You can take some showy measures like capping salaries – for example, forcing doctors to forfeit 25 per cent of the first $50,000 over the cap, 50 per cent of the next $50,000 and so on. Ontario used this approach until 2005 but it was ineffective. The result was docs "capping out" after six or nine months, and then no longer providing services or going to practice in another jurisdiction for part of the year.

You can try revamping the fee schedule but, at 812 pages, that's a long-term job, and it still doesn't address the fundamental problem of paying for piecework disconnected from outcomes.

Aiming for a zero increase is actually the wrong starting point because it merely perpetuates the status quo. Restricting spending a couple of years and then doing catch-up increases when the economy improves – as the patterns always goes – resolves nothing.

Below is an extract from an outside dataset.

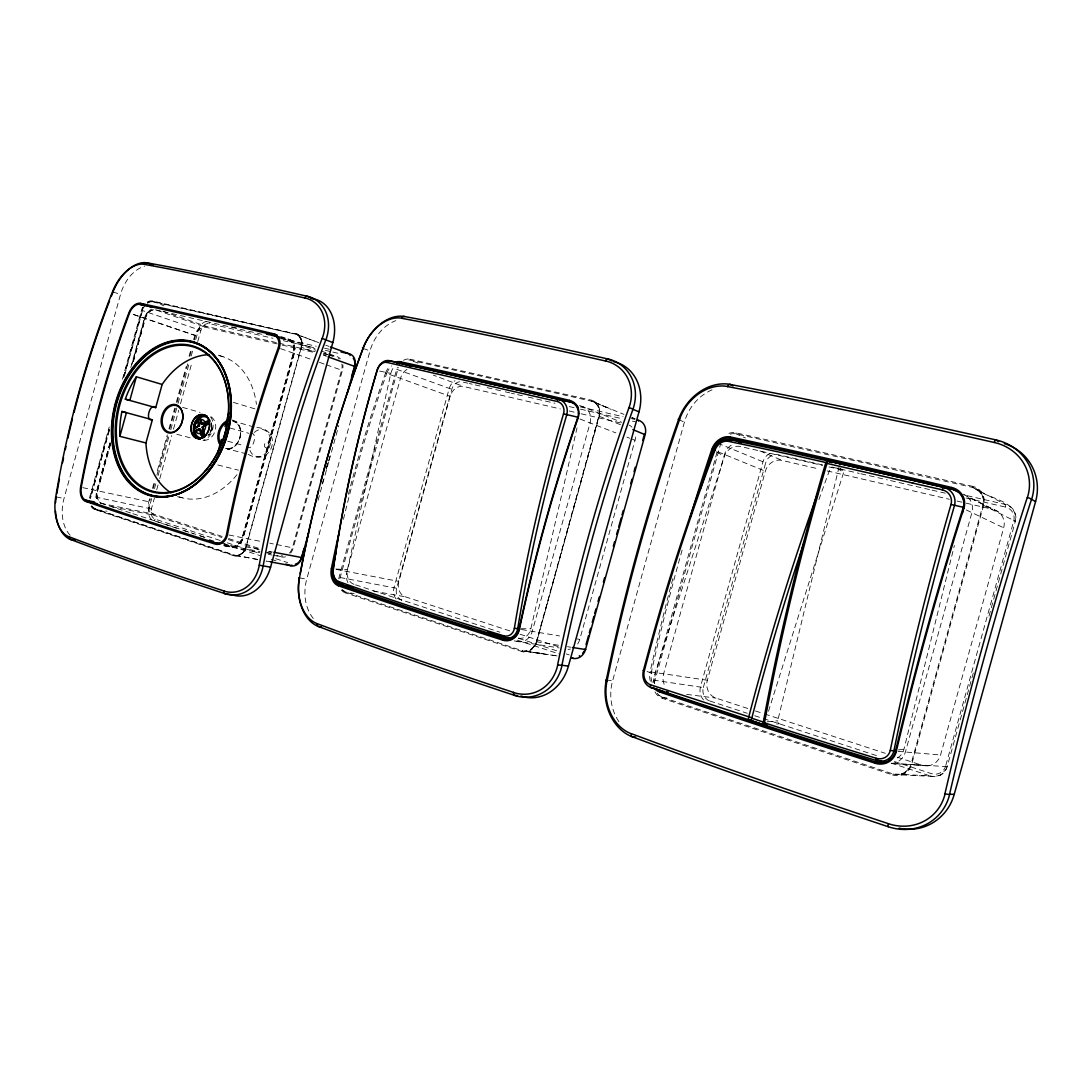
<?xml version="1.0" encoding="UTF-8"?>
<svg xmlns="http://www.w3.org/2000/svg" width="1092" height="1092" viewBox="0 0 1092 1092"><rect width="100%" height="100%" fill="white"/><g stroke="black" fill="none" stroke-linecap="round" stroke-linejoin="round"><path stroke-width="0.75" stroke-dasharray="5 3.75" d="M211.466 428.555L211.602 422.809A11.944 8.804 -74.6 0 1 208.695 434.78L209.35 433.933L207.985 435.735M211.712 427.395L211.602 422.809A12.121 8.927 -74.6 0 1 208.749 434.739M988.997 616.134L1015.369 521.253C1018.85 498.716 982.677 498.553 972.617 486.322L736.049 432.869A14.687 13.186 -63.9 0 0 727.313 434.043M654.982 691.932A14.687 13.172 -85.5 0 0 662.366 698.334L892.451 774.883L892.983 773.955A15.097 14.401 71.3 0 0 911.001 764.195L982.964 505.05C984.684 499.003 982.09 491.85 976.425 488.875L981.612 493.939L977.572 489.516M147.379 301.979A11.493 8.149 -72 0 1 152.511 300.983L295.673 334.002A11.766 8.9 -71.2 0 1 301.228 347.215L315.492 352.347M736.049 432.869L736.185 433.92L745.467 437.988M353.958 584.302A12.094 9.528 -86.6 0 1 347.42 569.642L390.827 373.437A12.217 9.691 -78.6 0 1 394.581 366.434M518.386 638.165A12.954 10.893 -89.7 0 0 530.862 628.801L577.04 427.887M152.498 301.01L163.95 305.815M776.658 724.01L779.292 723.75A2.389 2.17 76.6 0 1 777.722 720.788L839.311 465.888M897.392 757.93A15.138 14.114 65.2 0 0 903.985 749.112L954.381 545.495M418.072 363.104L410.292 360.155L410.087 359.213L591.386 400.191L591.577 401.187L624.023 414.428M70.12 535.298A35.722 25.225 -77.4 0 1 64.019 498.498L120.502 294.512A35.736 25.239 -71.8 0 1 144.663 266.134M89.653 498.102A11.493 8.149 -77.2 0 1 90.09 495.904L109.227 426.904M122.427 379.252L141.537 310.237L200.832 330.466A8.627 6.279 -71.9 0 1 209.214 323.601L273.014 338.302M109.036 429.32L90.554 496.041A11.029 7.808 -77.2 0 0 90.117 498.143M123.492 377.095L141.974 310.346A11.029 7.821 -72 0 1 143.325 307.029M109.377 429.415L90.895 496.137A10.824 7.671 -77.2 0 0 90.459 498.198M123.833 377.19L142.315 310.456A10.824 7.671 -72 0 1 143.653 307.18M109.309 430.453L91.114 496.178A10.756 7.617 -77.2 0 0 90.718 498.102M124.775 374.597L142.52 310.524A10.756 7.63 -72 0 1 144.089 306.838M109.923 442.861L96.724 490.54A11.848 8.422 -77 0 0 97.693 501.242M130.794 367.485L144.431 318.25A11.862 8.422 -72.2 0 1 151.651 309.159M110.128 442.915L96.929 490.595A11.848 8.422 -77 0 0 97.911 501.296M131.859 364.469L144.635 318.318A11.848 8.422 -72.2 0 1 151.856 309.241M110.661 443.079L97.447 490.786A10.77 7.658 -77 0 0 101.843 503.508M133.238 361.52L145.181 318.427A10.784 7.658 -72.2 0 1 152.539 309.896M110.442 444.676L97.652 490.827A10.77 7.658 -77 0 0 102.061 503.548L132.678 513.636M133.442 361.588L145.373 318.495A10.784 7.658 -72.2 0 1 153.522 309.787M149.618 498.703L148.799 501.665A11.439 8.326 -77.1 0 0 153.658 515.219L221.867 537.469M152.498 488.301L154.545 480.876M157.425 470.488L167.294 434.862M168.946 428.924L174.706 408.135M176.344 402.197L186.213 366.557M189.093 356.156L191.155 348.73M193.625 339.817L194.854 335.367A11.439 8.326 -72.1 0 1 205.992 326.262L277.532 342.861M222.154 536.445L153.931 514.223A10.401 7.576 -77.1 0 1 149.508 501.897L150.327 498.921M153.208 488.533L155.269 481.108M156.92 475.17L168.851 432.091M169.669 429.129L175.43 408.326M177.068 402.388L187.769 363.772M189.831 356.333L191.878 348.908M194.349 339.994L195.591 335.544A10.401 7.576 -72.1 0 1 205.719 327.272L277.245 343.898M151.733 498.457L149.017 508.285A10.333 7.521 -77.3 0 0 152.157 519.956M154.463 488.629L155.815 483.715M158.094 475.525L168.973 436.227M170.789 429.675L177.587 405.105M178.051 403.467L189.38 362.53M191.196 355.978L193.011 349.426M195.741 339.598L198.457 329.784A10.333 7.521 -71.9 0 1 206.402 321.457M220.106 540.458L155.064 519.123A8.627 6.279 -77.3 0 1 151.406 508.913L154.491 497.761M156.688 489.803L159.336 480.234M159.787 478.651L171.69 435.626M173.464 429.252L178.76 410.142M180.521 403.767L191.55 363.923M197.734 341.619L200.832 330.466M234.002 555.842A12.271 9.268 -78 0 0 246.123 546.915L301.46 347.242A12.271 9.282 -71.2 0 0 295.645 333.36M290.704 553.016A12.121 9.35 -77.9 0 0 293.202 547.966L342.41 370.393A12.135 9.35 -71.4 0 0 342.874 364.769M326.331 467.963L327.982 461.998M322.126 484.138L323.942 477.6M326.208 469.423L330.74 453.071M318.031 500.409L328.624 462.175M329.074 460.592L338.779 425.539M313.295 618.495A40.063 31.641 -79.3 0 1 306.743 579.169L369.997 350.969A40.076 31.654 -69.9 0 1 395.85 320.652M338.711 578.828A12.899 10.224 -79 0 1 339.052 577.299L396.724 369.301A12.899 10.238 -70.3 0 1 397.433 367.308M401.187 600.573A1.925 1.119 -71.7 0 0 401.46 599.904A9.623 7.808 -79.2 0 1 396.614 588.274L451.774 389.298A9.623 7.808 -70 0 1 460.073 381.681M509.827 630.903L405.282 596.805A12.749 10.36 -79 0 1 398.839 581.394L450.136 396.369A12.749 10.36 -70.3 0 1 463.595 386.486L560.332 408.94M591.386 400.191A13.882 11.835 -67.9 0 1 599.317 416.188L536.663 641.905L598.866 416.134C600.259 411.234 598.921 405.187 594.417 402.347L596.164 403.712L595.208 402.852M577.641 643.952A13.609 11.78 -81.4 0 0 579.784 639.38L635.025 440.281A13.609 11.78 -68 0 0 635.408 433.933M618.891 721.662A45.632 40.691 -86.1 0 1 612.612 680.835L684.411 422.126A45.646 40.718 -63.3 0 1 712.175 389.776M717.062 452.17L653.767 680.179L703.316 687.523A10.906 9.937 -86.8 0 0 709.868 701.05A2.17 0.915 -72.6 0 1 709.677 701.596M703.316 687.523L765.683 462.885L720.515 444.321L654.954 680.493A13.732 12.312 -85.5 0 0 654.408 684.247M747.788 708.476L716.052 698.129A14.442 13.2 -86.3 0 1 707.329 680.248L765.356 471.239A14.442 13.2 -63.1 0 1 782.049 460.415L819.259 469.055M892.437 774.924A16.148 15.397 71.4 0 0 911.602 764.482L983.674 505.159A16.148 15.411 -40.8 0 0 972.617 486.336M892.765 763.24L921.716 765.178A15.725 15.111 67 0 0 940.553 754.981L1003.684 527.832A15.725 15.124 -36.3 0 0 992.805 509.35L966.911 496.382M972.576 487.36L1005.418 504.463A2.348 0.737 -75.8 0 1 1005.459 507.07A11.971 11.493 -33.3 0 1 1013.731 521.048L945.672 765.956L947.296 766.598L946.259 769.041L940.567 774.979L935.175 776.521L895.713 774.638L902.715 773.655L901.35 774.16L905.35 772.235L903.985 773.068L908.476 769.205M973.3 673.027L947.173 766.639A14.346 13.759 64.3 0 1 930.002 775.866L893.01 773.955L663.021 697.501A13.732 12.312 -85.5 0 1 657.193 693.229M662.366 698.334L662.981 697.501L669.737 698.32M557.029 655.91L522.345 650.75L521.689 651.446L345.331 592.847L345.987 592.151L354.177 593.584M298.689 335.654L301.501 340.718L301.201 347.201L245.891 546.819A11.548 8.736 -78 0 1 234.521 555.2L234.016 555.814L94.772 509.473L107.071 511.22M768.495 711.261L843.556 472.659A2.375 2.17 -46.6 0 0 842.096 469.929L841.386 469.423M654.709 683.36A13.896 12.544 -73.5 0 1 654.722 674.187L724.31 456.647A13.814 12.271 -54 0 1 740.54 446.519L822.44 465.397M209.992 432.76L210.456 431.872M534.247 646.123L530.685 649.603L524.297 651.228L543.475 653.698L523.3 651.009L555.896 655.746M940.567 774.979L942.915 773.382M967.239 495.7L1005.418 504.463A14.346 13.773 -33.5 0 1 1015.369 521.253L1013.731 521.048M898.361 749.958L903.985 749.112M947.228 766.639L911.615 764.482M203.876 440.472C215.438 440.008 220.229 422.7 210.551 416.352M767.116 721.798L777.722 720.788M248.102 454.299C272.563 468.291 284.357 428.173 255.542 427.436M257.917 456.688L260.647 456.62M521.034 628.719L530.862 628.801M730.234 434.138A13.732 12.326 -63.9 0 1 736.185 433.92L972.644 487.442A15.097 14.414 -40.7 0 1 983.005 505.077L983.674 505.159M335.913 569.041L347.42 569.642M927.395 765.888L891.632 763.513A16.517 15.779 74 0 0 905.391 752.006L971.907 512.626A16.517 15.793 -43.4 0 0 964.741 494.826M898.034 751.378L940.553 754.981M536.322 641.727L559.309 645.386M259.173 549.399L245.932 546.819A11.766 8.9 -78 0 1 234.261 555.378L95.018 509.049A11.029 7.808 -77.2 0 1 91.005 505.132M233.36 421.048L236.186 422.44L231.613 420.87A14.155 10.565 -74.6 0 1 240.131 437.005A14.155 10.565 -74.6 0 1 225.061 448.116M686.609 694.375L716.052 698.129M606.333 680.002L612.612 680.835M235.476 555.364L258.026 559.568M707.329 680.248L650.095 671.798A714.851 233.401 -74.4 0 1 673.409 576.576M318.687 342.615L295.727 334.111A11.548 8.736 -71.2 0 1 301.255 347.242L301.46 347.242M514.209 640.895L559.077 647.925M567.499 646.696L570.761 647.215M521.553 629.565L559.514 635.967M576.931 638.902L579.784 639.38M373.409 591.086L405.282 596.805M299.467 577.873L306.743 579.169M257.739 559.486L234.712 555.159C239.052 557.016 245.113 551.419 246.123 546.915M336.227 569.41L398.839 581.394M223.792 544.553L259.964 551.569M265.37 552.607L272.058 553.903M223.573 545.672L259.705 552.648M268.277 554.313L271.772 554.982M273.055 555.227L281.013 556.77A12.121 9.35 -77.9 0 0 285.476 556.797M224.515 545.85L232.077 547.31M268.987 551.31L272.263 551.951M228.91 534.998L261.152 541.495M269.806 543.147L273.355 543.966M276.522 544.498L293.202 547.966M111.78 506.633L153.658 515.219M56.293 496.928L64.019 498.498M599.29 416.188L598.948 416.12A12.981 11.07 -67.8 0 0 591.577 401.187L410.333 360.169A12.053 9.569 -70.3 0 0 405.692 360.497M100.396 503.207L153.931 514.223M379.607 371.062L390.827 373.437M348.389 494.389A647.611 295.058 -74.5 0 1 385.585 372.986L450.136 396.369M82.746 487.646L149.508 501.897M177.395 496.737L185.353 498.498M279.429 337.1L288.384 339.175A12.599 9.5 -71.5 0 1 294.321 353.494L243.229 537.892A12.585 9.5 -77.7 0 1 230.781 547.065L222.045 544.212M231.722 326.863L236.691 328.01M281.422 338.274L316.216 346.26M324.488 348.157L329.47 349.303M580.18 406.852L623.082 416.707M631.34 418.591L634.629 419.355M155.487 309.8L160.387 310.947M163.309 311.589L264.892 334.957M279.129 338.206L288.083 340.281A11.452 8.64 -71.5 0 1 293.475 353.289L242.397 537.619A11.439 8.64 -77.7 0 1 231.081 545.959L222.358 543.12M283.278 340.663L316.134 348.239M325.266 350.341L331.381 351.747M332.923 352.102L340.622 353.876M463.404 382.173L467.826 383.196M469.301 383.538L472.249 384.207M475.225 384.903L482.664 386.609M487.168 387.646L503.753 391.468M505.282 391.823L509.868 392.874M511.397 393.229L514.441 393.939M517.526 394.649L525.225 396.41M528.323 397.133L554.954 403.262M569.273 406.565L574.092 407.671M580.521 409.159L622.194 418.755M632.445 421.13L635.394 421.799M822.699 464.96L778.255 454.722A10.906 9.937 -62.6 0 0 765.656 462.885M831.749 467.048L859.281 473.396M860.837 473.751L887.359 479.866M890.526 480.589L930.534 489.803M932.159 490.185L945.222 493.188M966.038 497.993L1005.459 507.07M828.992 466.912L842.096 469.929M279.183 343.243L315.097 351.583M323.614 353.549L327.887 354.545M329.32 354.873L335.067 356.21M569.246 411.015L579.716 413.445M581.217 413.786L620.898 423.013M827.149 470.898L949.344 499.262M957.029 501.037L964.714 502.825M966.27 503.194L992.805 509.35M282.186 345.045L313.39 352.307M323.328 354.613L326.167 355.269M396.724 369.301L451.774 389.298M217.772 464.974L238.452 470.161M246.519 453.876L225.771 448.443L228.91 448.703L227.75 448.744C239.871 448.198 245.304 428.528 235.203 421.812M176.808 434.261L192.875 438.52M227.709 441.195L243.707 445.563M229.88 427.968L248.812 433.278M250.382 433.715C258.872 430.876 252.593 453.453 246.724 446.328M253.972 426.999L233.524 421.143L235.312 421.881M182.541 407.371L200.109 412.38M233.36 402.388L255.364 408.995M151.392 508.913L90.117 495.918M396.601 588.274L339.066 577.299M228.583 538.533L260.415 548.894M268.728 551.61L271.512 552.511M520.065 634.234L558.79 646.86M755.446 710.974L763.144 713.486M764.687 713.991L885.298 753.303M897.337 757.234L921.716 765.178M228.296 539.571L258.749 549.494M267.049 552.211L271.212 553.576M276.808 555.391L281.013 556.77M227.273 542.806L259.309 553.303M275.675 558.667L287.742 562.626M355.582 584.834L499.904 632.186M518.673 638.342L557.712 651.132M566.284 653.944L569.15 654.886M709.868 701.023L747.337 713.308M754.681 715.71L762.025 718.127M763.513 718.604L878.541 756.278M894.416 761.52L931.38 773.641A11.971 11.48 64.1 0 0 945.699 765.97M132.883 513.677L205.692 537.619M155.023 521.075L177.627 528.501M184.084 530.63L193.775 533.811M200.232 535.94L206.688 538.056M224.447 543.898L259.964 555.582M271.266 559.295L276.112 560.878M517.226 640.158L559.022 653.903M891.168 763.103L930.002 775.866A2.348 0.737 -73.1 0 0 931.38 773.641M218.304 355.187L224.488 357.248M92.793 507.289L95.277 508.899L234.712 555.159A11.48 8.681 -78 0 0 246.069 546.833M133.156 314.428L194.854 335.367M133.811 314.564L195.591 335.544M647.037 671.525L654.722 674.187M162.858 311.22L205.992 326.262M156.907 310.292L205.719 327.272M113.063 291.905L120.502 294.512M280.548 348.648L311.575 359.555M319.424 362.312L325.02 364.373M326.317 364.824L342.41 370.393M591.441 401.064L593.488 401.842M281.081 337.769L315.752 350.245M323.983 353.207L327.341 354.409M328.569 354.859L333.156 356.511M323.355 355.159L326.494 356.292M280.671 336.404L315.001 348.785M321.253 351.037L327.641 353.344M328.869 353.794L336.5 356.538A12.135 9.35 -71.4 0 1 340.335 358.818M325.771 345.222L329.061 346.423M314.237 340.991L295.673 334.002L152.498 301.515A11.029 7.821 -72 0 0 147.393 302.552M433.292 375.116L436.39 376.29M439.475 377.436L463.595 386.486M363.076 348.375L369.997 350.969M579.961 419.028L615.861 432.882M626.904 437.141L629.634 438.192M632.336 439.243L635.025 440.281M620.529 424.72L598.935 416.175L536.404 641.741A12.981 11.056 -81.5 0 1 522.345 650.75L346.027 592.151A12.053 9.569 -79 0 1 342.205 589.475M579.511 405.446L621.689 422.29M632.145 417.676L635.203 418.905M718.127 451.897L765.356 471.239M631.749 417.581L634.848 418.85M607.521 407.698L592.533 401.46L611.233 409.459M678.582 419.628L684.411 422.126M759.896 450.873L782.049 460.415M966.365 509.978L1003.684 527.832M983.005 505.077L1015.423 521.28M963.103 494.171L998.033 511.684M662.858 697.542L658.763 695.181M345.836 592.178L342.697 590.24M716.639 451.747L724.31 456.647M837.114 467.977L843.556 472.659M839.994 468.195L842.847 470.27M839.953 468.372L840.676 468.905M731.217 445.167A15.151 13.65 -64.3 0 0 724.487 454.504L663.608 673.832A15.151 13.636 -85.1 0 0 665.274 686.636M703.535 699.89A13.063 11.903 -86.8 0 1 700.504 686.786L762.885 462.08A13.077 11.916 -62.6 0 1 771.048 452.839M653.262 682.637A14.687 13.172 -85.5 0 1 653.739 680.179M652.142 682.363A15.274 12.49 86.2 0 1 651.419 672.044A714.277 232.883 -74.4 0 1 682.828 547.597M650.354 681.258A16.244 13.35 86.6 0 1 650.081 671.798M516.844 641.304A14.237 12.108 -80.9 0 0 532.254 631.367L590.076 422.932A14.237 12.108 -68.5 0 0 581.995 406.442M407.016 369.369A13.295 10.592 -70.6 0 0 400.477 378.392L346.956 571.457A13.295 10.579 -78.7 0 0 347.911 582.568M570.42 649.058A13.609 11.78 -81.4 0 1 568.086 649.344M629.142 425.157A13.609 11.78 -68 0 1 631.995 427.136M396.096 598.976A11.534 9.35 -79.2 0 1 394.021 587.592L449.208 388.547A11.534 9.364 -70 0 1 454.954 380.739M339.912 578.637A12.053 9.569 -79 0 1 340.158 577.586L397.816 369.615A12.053 9.569 -70.3 0 1 398.553 367.554M403.48 360.305A12.899 10.238 -70.3 0 1 410.101 359.186M345.331 592.847A12.899 10.224 -79 0 1 341.073 589.748M536.663 641.905A13.882 11.821 -81.5 0 1 521.648 651.542M343.448 519.355A647.092 294.567 -74.5 0 1 386.732 373.409M386.732 373.409A13.391 9.35 -61.6 0 1 391.728 365.916M385.585 372.986A14.223 10.019 -62.1 0 1 390.144 365.711M210.524 416.871A13.5 9.951 -74.6 0 1 212.339 430.548A13.5 9.951 -74.6 0 1 203.071 440.308M211.602 426.986A2.853 2.102 -74.6 0 1 211.602 430.712M211.097 431.34A2.853 2.102 -74.6 0 1 210.251 431.872M232.214 420.079A14.906 11.125 -74.6 0 1 240.199 436.977A14.906 11.125 -74.6 0 1 225.266 449.03M254.231 432.487A13.855 10.47 -74.6 0 1 269.164 434.821A13.855 10.47 -74.6 0 1 264.605 454.217A13.855 10.47 -74.6 0 1 250 450.464M219.833 355.801A73.451 54.081 -74.6 0 1 256.443 404.354M236.95 474.665A73.451 54.081 -74.6 0 1 178.46 496.573M95.482 508.899A10.756 7.617 -77.2 0 1 92.479 506.633M301.365 347.283A11.48 8.681 -71.2 0 0 295.918 334.275L152.648 301.774A10.824 7.671 -72 0 0 147.434 302.921M209.159 322.167A1.72 1.215 -78.4 0 1 209.214 323.601M155.064 519.123A1.72 1.215 -70.5 0 1 154.259 520.324M141.537 310.237A11.493 8.149 -72 0 1 142.697 307.234M94.772 509.473A11.493 8.149 -77.2 0 1 90.486 505.159M147.475 303.126A10.756 7.63 -72 0 1 152.812 301.883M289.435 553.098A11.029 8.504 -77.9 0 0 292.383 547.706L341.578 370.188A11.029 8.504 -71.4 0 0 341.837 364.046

If we want to get value for money for physicians' services, we need to ask more basic questions than: "How much should we increase existing pay?"

Health policy analyst Steven Lewis stated the challenge succinctly in a recent essay published by Longwoods.com: "Are we paying doctors to do things, or accomplish goals?"

Right now we pay them to do things in a rather open-ended fashion. The reality is that our health system is almost entirely devoid of goals, even for what are arguably its most important employees: physicians.

If we want healthy citizens – as opposed to citizens who have ready access to sickness care – we need a profound philosophical shift in what we should expect from medical professionals. We need to reward and incent quality, not quantity.

Two weeks before the expiry of a contract is hardly the best time to tackle this sort of fundamental issue, but we can't put off these big decisions much longer.

The long-term goal in doctor-government talks should not merely be holding the line on costs, but ensuring that we get better value for money and, ultimately, better care.